I'm typing this in somewhat of a hurry, so it might be an incomprehensible mess.  I can check the router at some point, all I know for now is it's an AT&T branded netgear.


----------



## Mussels (Jul 31, 2013)

open a CMD prompt


ping google.com -t


that will run a never ending pingtest to google, so you can try things out to see how to fix it. firstly i'd say disconnect every other device off the network, and see how it works from there.

you say its wireless - is that DSL/cable or mobile broadband?


----------



## Seany1212 (Jul 31, 2013)

Mussels said:


> you say its wireless - is that DSL/cable or mobile broadband?



I want to elaborate a bit on this too, if it's not DSL/Cable and is a mobile broadband connection (like a 3G/4G dongle) there isn't much that can be done to fix it due to the time it takes to relay the information between radio masts and your device, i've tethered through a mobile connection a few times and even with good signal the ping is horrendous.

If it's DSL/Cable then maybe look to see whether there are any other network intensive programs running (download clients, streaming videos/music) at the same time and if so maybe close them and see whether that gives any improvement.


----------



## mastrdrver (Jul 31, 2013)

If it's anything like the issues I've gone through (twice now in the last 2 months) with my ATT DSL (though I'm not wireless), it's on ATT's network end. It cleared up after about two weeks but was frustrating none the less.


----------



## AngryMerchant (Aug 2, 2013)

It's DSL/ able, and it's consistent throughout the day, even when my desktop is the only device actively using the network.  It's been a little over 2 weeks at least, I'd say.


----------



## Mussels (Aug 2, 2013)

AngryMerchant said:


> It's DSL/ able, and it's consistent throughout the day, even when my desktop is the only device actively using the network.  It's been a little over 2 weeks at least, I'd say.
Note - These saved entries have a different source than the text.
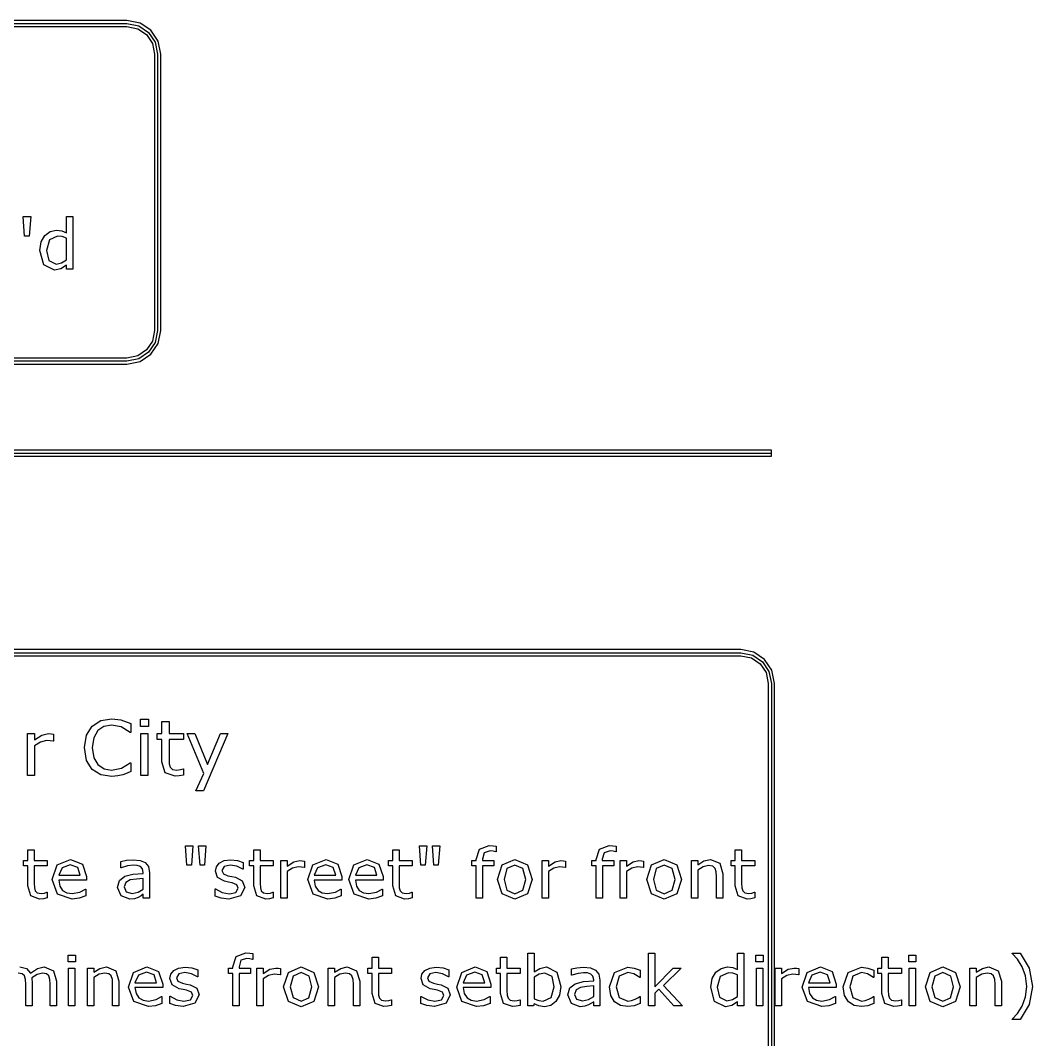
# Model space of a CAD drawing. Extents: x -17 to 192, y 167 to 459.
# Drawn here: x 149.25 to 184.16, y 271.88 to 307.02 of the extents above; entities that cross this region are included whole.
import ezdxf

# ---------------------------------------------------------------- set-up
doc = ezdxf.new("R2010")
doc.units = 0

msp = doc.modelspace()

# ---------------------------------------------------------------- linework, layer by layer
at = {"layer": 'Layer 1', "color": 7}
for points in [[(95.779046, 307.022796), (95.325814, 306.931318), (94.955743, 306.681831), (94.706256, 306.31176), (94.614778, 305.858528), (94.614778, 296.33354), (94.706256, 295.880308), (94.955743, 295.510237), (95.325814, 295.26075), (95.779046, 295.169272), (152.928974, 295.169272), (153.382206, 295.26075), (153.752277, 295.510237), (154.001764, 295.880308), (154.093242, 296.33354), (154.093242, 305.858528), (154.001764, 306.31176), (153.752277, 306.681831), (153.382206, 306.931318), (152.928974, 307.022796), (95.779046, 307.022796)], [(95.779046, 306.91686), (152.928974, 306.91686), (153.34169, 306.833946), (153.678008, 306.607562), (153.904392, 306.271244), (153.987306, 305.858528), (153.987306, 296.33354), (153.904392, 295.920824), (153.678008, 295.584506), (153.34169, 295.358122), (152.928974, 295.275208), (95.779046, 295.275208), (95.36633, 295.358122), (95.030012, 295.584506), (94.803628, 295.920824), (94.720714, 296.33354), (94.720714, 305.858528), (94.803628, 306.271244), (95.030012, 306.607562), (95.36633, 306.833946), (95.779046, 306.91686), (95.779046, 306.91686)], [(95.779046, 306.810924), (152.928974, 306.810924), (153.301175, 306.736575), (153.60374, 306.533294), (153.807021, 306.230729), (153.88137, 305.858528), (153.88137, 296.33354), (153.807021, 295.961339), (153.60374, 295.658774), (153.301175, 295.455493), (152.928974, 295.381144), (95.779046, 295.381144), (95.406845, 295.455493), (95.10428, 295.658774), (94.900999, 295.961339), (94.82665, 296.33354), (94.82665, 305.858528), (94.900999, 306.230729), (95.10428, 306.533294), (95.406845, 306.736575), (95.779046, 306.810924), (95.779046, 306.810924)], [(149.608833, 300.259393), (149.558835, 299.586181), (149.400704, 299.586181), (149.350709, 300.259393), (149.608833, 300.259393)], [(151.068043, 298.450204), (150.849452, 298.450204), (150.849452, 298.586242), (150.652954, 298.459507), (150.430874, 298.41416), (150.06113, 298.593219), (149.925092, 299.089698), (149.9716, 299.383867), (150.0995, 299.603622), (150.283207, 299.738496), (150.501801, 299.785004), (150.683183, 299.762911), (150.849452, 299.696636), (150.849452, 300.259391), (151.068043, 300.259391), (151.068043, 298.450204)], [(150.849452, 298.769953), (150.849452, 299.515254), (150.691321, 299.569901), (150.539006, 299.585008), (150.252979, 299.457109), (150.150659, 299.094342), (150.229725, 298.742039), (150.483195, 298.622278), (150.671557, 298.662974), (150.849452, 298.769945), (150.849452, 298.769953)], [(4.762494, 292.206148), (4.762494, 291.994276), (175.153946, 291.994276), (175.153946, 292.206148), (4.762494, 292.206148)], [(4.762494, 292.100212), (175.153946, 292.100212)], [(94.720714, 285.32699), (94.267482, 285.235512), (93.897411, 284.986025), (93.647924, 284.615954), (93.556446, 284.162722), (93.556446, 239.183612), (93.647924, 238.73038), (93.897411, 238.360309), (94.267482, 238.110822), (94.720714, 238.019344), (174.095614, 238.019344), (174.548846, 238.110822), (174.918917, 238.360309), (175.168404, 238.73038), (175.259882, 239.183612), (175.259882, 284.162722), (175.168404, 284.615954), (174.918917, 284.986025), (174.548846, 285.235512), (174.095614, 285.32699), (94.720714, 285.32699)], [(94.720714, 285.221054), (174.095614, 285.221054), (174.50833, 285.13814), (174.844648, 284.911756), (175.071032, 284.575438), (175.153946, 284.162722), (175.153946, 239.183612), (175.071032, 238.770896), (174.844648, 238.434578), (174.50833, 238.208194), (174.095614, 238.12528), (94.720714, 238.12528), (94.307998, 238.208194), (93.97168, 238.434578), (93.745296, 238.770896), (93.662382, 239.183612), (93.662382, 284.162722), (93.745296, 284.575438), (93.97168, 284.911756), (94.307998, 285.13814), (94.720714, 285.221054), (94.720714, 285.221054)], [(94.720714, 285.115118), (174.095614, 285.115118), (174.467815, 285.040769), (174.77038, 284.837488), (174.973661, 284.534923), (175.04801, 284.162722), (175.04801, 239.183612), (174.973661, 238.811411), (174.77038, 238.508846), (174.467815, 238.305565), (174.095614, 238.231216), (94.720714, 238.231216), (94.348513, 238.305565), (94.045948, 238.508846), (93.842667, 238.811411), (93.768318, 239.183612), (93.768318, 284.162722), (93.842667, 284.534923), (94.045948, 284.837488), (94.348513, 285.040769), (94.720714, 285.115118), (94.720714, 285.115118)], [(153.063332, 281.127251), (152.934141, 281.069117), (152.784279, 281.012271), (152.612456, 280.97093), (152.409627, 280.952833), (152.028513, 281.01097), (151.731373, 281.195712), (151.537588, 281.507063), (151.467825, 281.947604), (151.535005, 282.372643), (151.728791, 282.689159), (152.024637, 282.880362), (152.410918, 282.946249), (152.719684, 282.908784), (153.063332, 282.777011), (153.063332, 282.47341), (153.043964, 282.47341), (152.728738, 282.667198), (152.394135, 282.727917), (152.130584, 282.680115), (151.922588, 282.534132), (151.783062, 282.288667), (151.733969, 281.947604), (151.78823, 281.598788), (151.93034, 281.361076), (152.140919, 281.218966), (152.396718, 281.173752), (152.742948, 281.237053), (153.045256, 281.426966), (153.063353, 281.426966), (153.063332, 281.127251)], [(153.666655, 282.672376), (153.392769, 282.672376), (153.392769, 282.924299), (153.666655, 282.924299), (153.666655, 282.672376)], [(154.881049, 281.000638), (154.731186, 280.970922), (154.587785, 280.959307), (154.251889, 281.078163), (154.136909, 281.459276), (154.136909, 282.22667), (153.972836, 282.22667), (153.972836, 282.430791), (154.136909, 282.430791), (154.136909, 282.845493), (154.379788, 282.845493), (154.379788, 282.430791), (154.881049, 282.430791), (154.881049, 282.22667), (154.379788, 282.22667), (154.379788, 281.569089), (154.384948, 281.390805), (154.421122, 281.271949), (154.498636, 281.195725), (154.651081, 281.172468), (154.775105, 281.189269), (154.868121, 281.218982), (154.881033, 281.218982), (154.881049, 281.000638)], [(150.399415, 282.165948), (150.386503, 282.165948), (150.280567, 282.184046), (150.16042, 282.190502), (149.94338, 282.140117), (149.741842, 282.012218), (149.741842, 280.987726), (149.498962, 280.987726), (149.498962, 282.430788), (149.741842, 282.430788), (149.741842, 282.217624), (149.996349, 282.381695), (150.222433, 282.430788), (150.314158, 282.426899), (150.399423, 282.415284), (150.399415, 282.165948)], [(153.651151, 280.987726), (153.408271, 280.987726), (153.408271, 282.430788), (153.651151, 282.430788), (153.651151, 280.987726)], [(156.409378, 282.43078), (155.567052, 280.455451), (155.307379, 280.455451), (155.576095, 281.057481), (155.001196, 282.43078), (155.264744, 282.43078), (155.707871, 281.361079), (156.15487, 282.43078), (156.409378, 282.43078)], [(150.182634, 276.766013), (150.047758, 276.739269), (149.918697, 276.728818), (149.61639, 276.835789), (149.512908, 277.178789), (149.512908, 277.869446), (149.365242, 277.869446), (149.365242, 278.053154), (149.512908, 278.053154), (149.512908, 278.426388), (149.731499, 278.426388), (149.731499, 278.053154), (150.182634, 278.053154), (150.182634, 277.869446), (149.731499, 277.869446), (149.731499, 277.277621), (149.736156, 277.117165), (149.76871, 277.010197), (149.838475, 276.941596), (149.975675, 276.920667), (150.087297, 276.935775), (150.171011, 276.962516), (150.182626, 276.962516), (150.182634, 276.766013)], [(155.20325, 278.563587), (155.153254, 277.890375), (154.999775, 277.890375), (154.94978, 278.563587), (155.20325, 278.563587)], [(155.65206, 278.563587), (155.602064, 277.890375), (155.448585, 277.890375), (155.398586, 278.563587), (155.65206, 278.563587)], [(157.977495, 276.766026), (157.842622, 276.739282), (157.713561, 276.728831), (157.411253, 276.835802), (157.30777, 277.178802), (157.30777, 277.869459), (157.160106, 277.869459), (157.160106, 278.053167), (157.30777, 278.053167), (157.30777, 278.426401), (157.526363, 278.426401), (157.526363, 278.053167), (157.977495, 278.053167), (157.977495, 277.869459), (157.526363, 277.869459), (157.526363, 277.277635), (157.53102, 277.117178), (157.563577, 277.01021), (157.633339, 276.941609), (157.770541, 276.92068), (157.882161, 276.935788), (157.965878, 276.96253), (157.977493, 276.96253), (157.977495, 276.766026)], [(162.769059, 276.766026), (162.634183, 276.739282), (162.505122, 276.728831), (162.202815, 276.835802), (162.099333, 277.178802), (162.099333, 277.869459), (161.951667, 277.869459), (161.951667, 278.053167), (162.099333, 278.053167), (162.099333, 278.426401), (162.317924, 278.426401), (162.317924, 278.053167), (162.769059, 278.053167), (162.769059, 277.869459), (162.317924, 277.869459), (162.317924, 277.277635), (162.322581, 277.117178), (162.355135, 277.01021), (162.4249, 276.941609), (162.5621, 276.92068), (162.673722, 276.935788), (162.757436, 276.96253), (162.769051, 276.96253), (162.769059, 276.766026)], [(163.266703, 278.563587), (163.216705, 277.890375), (163.063225, 277.890375), (163.01323, 278.563587), (163.266703, 278.563587)], [(163.715512, 278.563587), (163.665514, 277.890375), (163.512035, 277.890375), (163.462039, 278.563587), (163.715512, 278.563587)], [(165.661901, 278.351974), (165.650286, 278.351974), (165.556105, 278.372902), (165.453786, 278.384518), (165.249146, 278.321732), (165.186361, 278.097326), (165.186361, 278.053143), (165.580521, 278.053143), (165.580521, 277.869435), (165.193338, 277.869435), (165.193338, 276.754398), (164.974745, 276.754398), (164.974745, 277.869446), (164.827081, 277.869446), (164.827081, 278.053154), (164.974745, 278.053154), (164.974745, 278.096175), (165.089854, 278.450804), (165.422393, 278.575216), (165.553779, 278.568231), (165.661912, 278.551959), (165.661901, 278.351974)], [(169.797691, 278.351974), (169.786076, 278.351974), (169.691897, 278.372902), (169.589578, 278.384518), (169.384939, 278.321732), (169.322153, 278.097326), (169.322153, 278.053143), (169.716313, 278.053143), (169.716313, 277.869435), (169.329127, 277.869435), (169.329127, 276.754398), (169.110537, 276.754398), (169.110537, 277.869446), (168.962873, 277.869446), (168.962873, 278.053154), (169.110537, 278.053154), (169.110537, 278.096175), (169.225646, 278.450804), (169.558185, 278.575216), (169.689572, 278.568231), (169.797704, 278.551959), (169.797691, 278.351974)], [(174.578788, 276.766013), (174.443914, 276.739269), (174.31485, 276.728818), (174.012546, 276.835789), (173.909062, 277.178789), (173.909062, 277.869446), (173.761398, 277.869446), (173.761398, 278.053154), (173.909062, 278.053154), (173.909062, 278.426388), (174.127652, 278.426388), (174.127652, 278.053154), (174.578788, 278.053154), (174.578788, 277.869446), (174.127652, 277.869446), (174.127652, 277.277621), (174.132309, 277.117165), (174.164866, 277.010197), (174.234629, 276.941596), (174.371831, 276.920667), (174.48345, 276.935775), (174.567167, 276.962516), (174.578782, 276.962516), (174.578788, 276.766013)], [(151.533711, 277.381089), (150.576794, 277.381089), (150.612838, 277.171801), (150.711671, 277.026461), (150.854686, 276.942744), (151.038394, 276.914841), (151.304657, 276.967162), (151.496506, 277.071808), (151.508121, 277.071808), (151.508121, 276.83345), (151.282553, 276.755546), (151.040709, 276.724154), (150.536088, 276.898561), (150.354706, 277.396205), (150.527949, 277.901987), (150.986062, 278.089185), (151.390688, 277.935706), (151.533701, 277.499686), (151.533711, 277.381089)], [(153.711484, 276.754398), (153.494054, 276.754398), (153.494054, 276.892762), (153.414989, 276.836951), (153.319647, 276.781139), (153.194073, 276.736957), (153.027806, 276.718357), (152.73015, 276.834628), (152.608064, 277.131122), (152.670849, 277.369479), (152.852234, 277.513656), (153.1371, 277.584583), (153.494054, 277.612486), (153.494054, 277.646207), (153.467313, 277.769455), (153.392899, 277.846192), (153.281277, 277.882239), (153.145239, 277.891552), (152.953392, 277.868295), (152.734799, 277.803184), (152.723184, 277.803184), (152.723184, 278.025262), (152.908056, 278.063631), (153.146414, 278.08456), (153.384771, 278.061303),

during a period its playing up, turn off every other device connected to it (wired and wireless).

plug in one device, and do speed/ping tests. if the proble goes away, its one of the devices.


most common thing i see is people fail to realise that a single upload (torrents, photos to facebook, etc) will choke out their entire internet connection for all users. an iphone set to sync its photos to the cloud can cause intermittent craziness for DSL users, for example.


----------



## AngryMerchant (Aug 3, 2013)

I've tried it before and after disconnecting all the devices I've found.  The pingtest is about 58ms both times.


----------



## Mussels (Aug 3, 2013)

AngryMerchant said:


> I've tried it before and after disconnecting all the devices I've found.  The pingtest is about 58ms both times.



thats a completely normal ping?


----------



## Frick (Aug 3, 2013)

It's not excellent if you're on fiber, but it's totally acceptable. Especially for DSL. Even up to 100 isn't all that bad.


----------



## AngryMerchant (Aug 3, 2013)

Even in Chicago servers, I'm getting over 60 ping, though.  It simply doesn't go any lower. It's not as though this network was set up just recently, it's always been fine.  I don't know what to hope for other than that this is AT&T's fault and it sorts itself out soon.


----------



## Mussels (Aug 3, 2013)

AngryMerchant said:


> Even in Chicago servers, I'm getting over 60 ping, though.  It simply doesn't go any lower. It's not as though this network was set up just recently, it's always been fine.  I don't know what to hope for other than that this is AT&T's fault and it sorts itself out soon.



that still sounds completely normal to me.


----------



## mastrdrver (Aug 3, 2013)

No that's way to high I think. Though I have a hard line, I think it's ATT network problem. When mine was whack, my best pings were in the mid 50s when the should have been in the mid 20s.

After a little less then two weeks, the problem magically disappeared for no reason. Just suddenly I had normal pings again. About a month or so later, it happened again for about a week.

I'm in KS and did some searching for the IP where my ping jumped. Found some website that put it in the middle of some field north of Wichita. Figured some squirrel may have packed a dish full of acorns or something.

If it's like mine, you got close to the correct down speeds and your up speed was almost normal, but the ping made it feel like you were on dial up when trying to be on the Internet because of the lost packets.


----------



## Frick (Aug 3, 2013)

Ok, 50 as opposed to 20ms is NOTHING on the internet. Latency varies by design, it's in the nature of such a network. When you see it bumping up to several hundred ms, then we have something to talk about. And anything under several thousand ms will not cause lost packets. That is a different issue ENTIRELY.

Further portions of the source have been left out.